WORK INSTRUCTION: For the records below, the count of lines that hold "Align" is required; give only that number.

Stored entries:

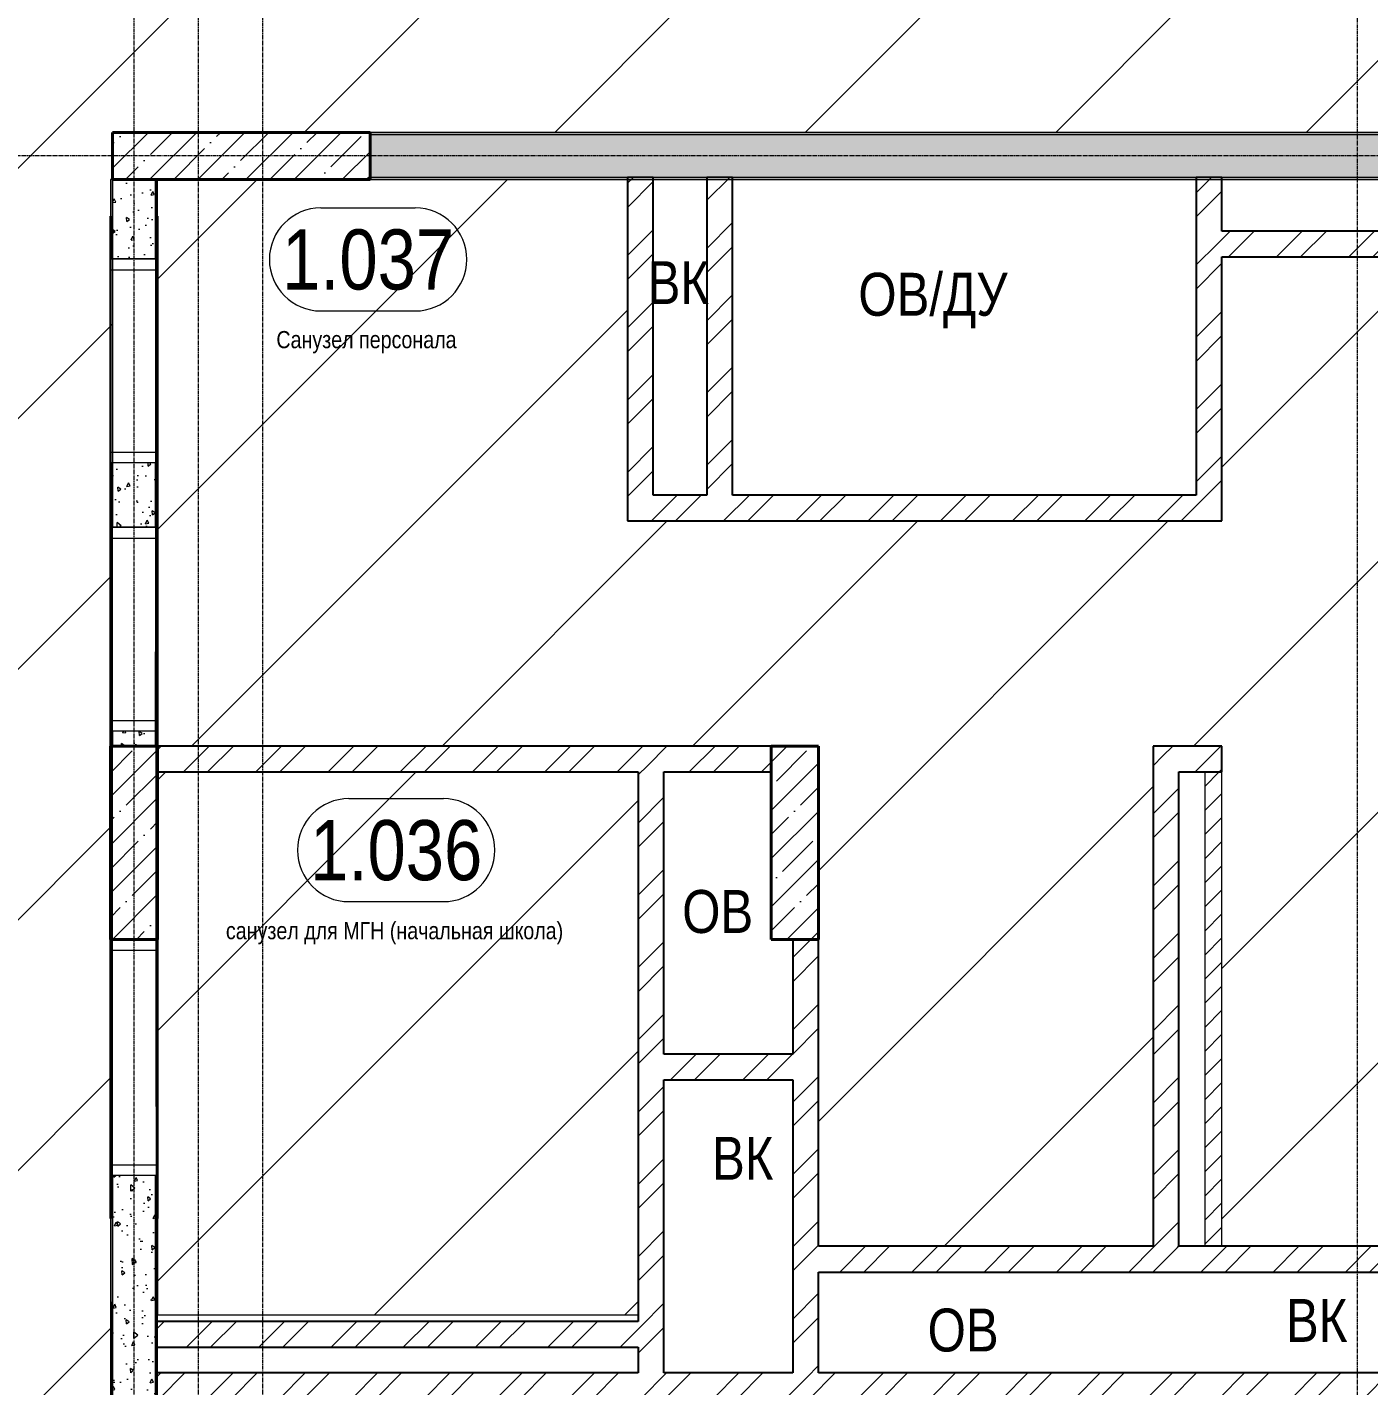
# Model space of a CAD drawing. Header units: millimetres. Extents: x -24360 to 609566, y -391049 to 148426.
# Drawn here: x 520806 to 527060, y -77966 to -71636 of the extents above; entities that cross this region are included whole.
import ezdxf
from ezdxf.enums import TextEntityAlignment as Align

# ---------------------------------------------------------------- set-up
doc = ezdxf.new("R2010")
doc.units = ezdxf.units.MM
doc.linetypes.add('CENTER2', pattern=[28.575, 19.05, -3.175, 3.175, -3.175])
doc.linetypes.add('HIDDEN2', pattern=[4.7625, 3.175, -1.5875])
doc.layers.get('Defpoints').update_dxf_attribs({"color": 140})
for name, color, linetype, lineweight in [('АР_Area', 5, 'Continuous', 5), ('АР_Двери_внутренние', 5, 'Continuous', 9), ('АР_Колонны', 70, 'Continuous', 30), ('АР_Стены ЖБ', 7, 'Continuous', 30), ('АР_Стены кирпич', 32, 'Continuous', 25), ('АР_Стены ПЕНОблок', 52, 'Continuous', 20), ('АР_Тонкая', 254, 'Continuous', 5), ('АР_Штриховка', 8, 'Continuous', 0), ('ВК_Шахты', 5, 'Continuous', 9), ('ОВ_Шахты', 1, 'Continuous', 5), ('Потолок штриховка', 200, 'Continuous', 15)]:
    doc.layers.add(name, color=color, linetype=linetype, lineweight=lineweight)
doc.layers.add('АР_Оси_РД_100', color=7, linetype='Continuous', lineweight=0, true_color=0x525252)
doc.layers.add('РД_Проем', color=230, linetype='Continuous', lineweight=0, plot=False)
doc.layers.add('РД_проем_инж перемыч_подсчет', color=50, linetype='Continuous', lineweight=30, plot=False)
doc.styles.add('style1', font='ARIALN.TTF')
pattern_1 = [(45, (509004.53, -133435.88), (-168.3798, 168.3798), []), (45, (509116.79, -133435.88), (-168.3798, 168.3798), [])]
pattern_2 = [(45, (509004.53, -133435.88), (-168.3798, 168.3798), []), (45, (509116.79, -133435.88), (-168.3798, 168.3798), [])]
pattern_3 = [(45, (509004.53, -133435.88), (-168.3798, 168.3798), []), (45, (509116.79, -133435.88), (-168.3798, 168.3798), [])]
pattern_4 = [(45, (509004.53, -133435.88), (-168.3798, 168.3798), []), (45, (509116.79, -133435.88), (-168.3798, 168.3798), [])]
pattern_5 = [(45, (509004.53, -133435.88), (-112.2532, 112.2532), []), (45, (509116.79, -133435.88), (-112.2532, 112.2532), [198.4375, -39.6875, 0, -39.6875])]

# ---------------------------------------------------------------- blocks, each defined once
blk = doc.blocks.new('MOK-МаркаПом_овал_ареал')
for p, q in [((-2.75, 3), (2.75, 3)), ((-2.75, -3), (2.75, -3))]:
    blk.add_line(p, q)
for centre, radius, start, end in [((-2.75, 0), 3, 90, 270), ((2.75, 0), 3, 270, 90), ((-3.75, 0), 3.5, 0, 0.00095)]:
    blk.add_arc(centre, radius, start, end)
at = {"color": 0, "style": 'style1'}
blk.add_attdef('АР-ПОМЕЩЕНИЕ:НОМЕР', text='', height=3.5, dxfattribs=at).set_placement((0, 0), align=Align.MIDDLE)

msp = doc.modelspace()

# ---------------------------------------------------------------- hatches: boundary and pattern name
at = {"layer": 'АР_Штриховка', "linetype": 'Continuous', "lineweight": 5, "true_color": 0x000000}
h = msp.add_hatch(dxfattribs=at)
h.set_pattern_fill('ANSI35', color=18, scale=25, style=0)
h.set_pattern_definition([(45, (509004.53, -133435.88), (-112.2532, 112.2532), []), (45, (509116.79, -133435.88), (-112.2532, 112.2532), [198.4375, -39.6875, 0, -39.6875])])
h.paths.add_polyline_path([(522404.532, -72345.876), (522404.532, -72125.876), (521204.532, -72125.876), (521204.532, -72345.876)], flags=0)
h = msp.add_hatch(dxfattribs=at)
h.set_pattern_fill('ANSI35', color=18, scale=25, style=0)
h.set_pattern_definition([(45, (509004.53, -133435.88), (-112.2532, 112.2532), []), (45, (509116.79, -133435.88), (-112.2532, 112.2532), [198.4375, -39.6875, 0, -39.6875])])
h.paths.add_polyline_path([(522404.532, -72345.876), (522404.532, -72125.876), (521204.532, -72125.876), (521204.532, -72345.876)], flags=0)
at = {"layer": 'АР_Штриховка', "linetype": 'Continuous', "lineweight": 0, "true_color": 0x000000}
h = msp.add_hatch(dxfattribs=at)
h.set_pattern_fill('AR-CONC', color=18, angle=-315, style=0)
h.set_pattern_definition([(95, (509004.53, -133435.88), (140.09465, 117.55338), [19.05, -209.55]), (40, (509004.53, -133435.88), (-160.01845, 110.17673), [15.24, -167.6406]), (145.45144, (509016.2, -133426.08), (-19.9238, 227.7301), [16.19, -178.09024]), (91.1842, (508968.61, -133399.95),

ANSWER TO THE EXERCISE: 2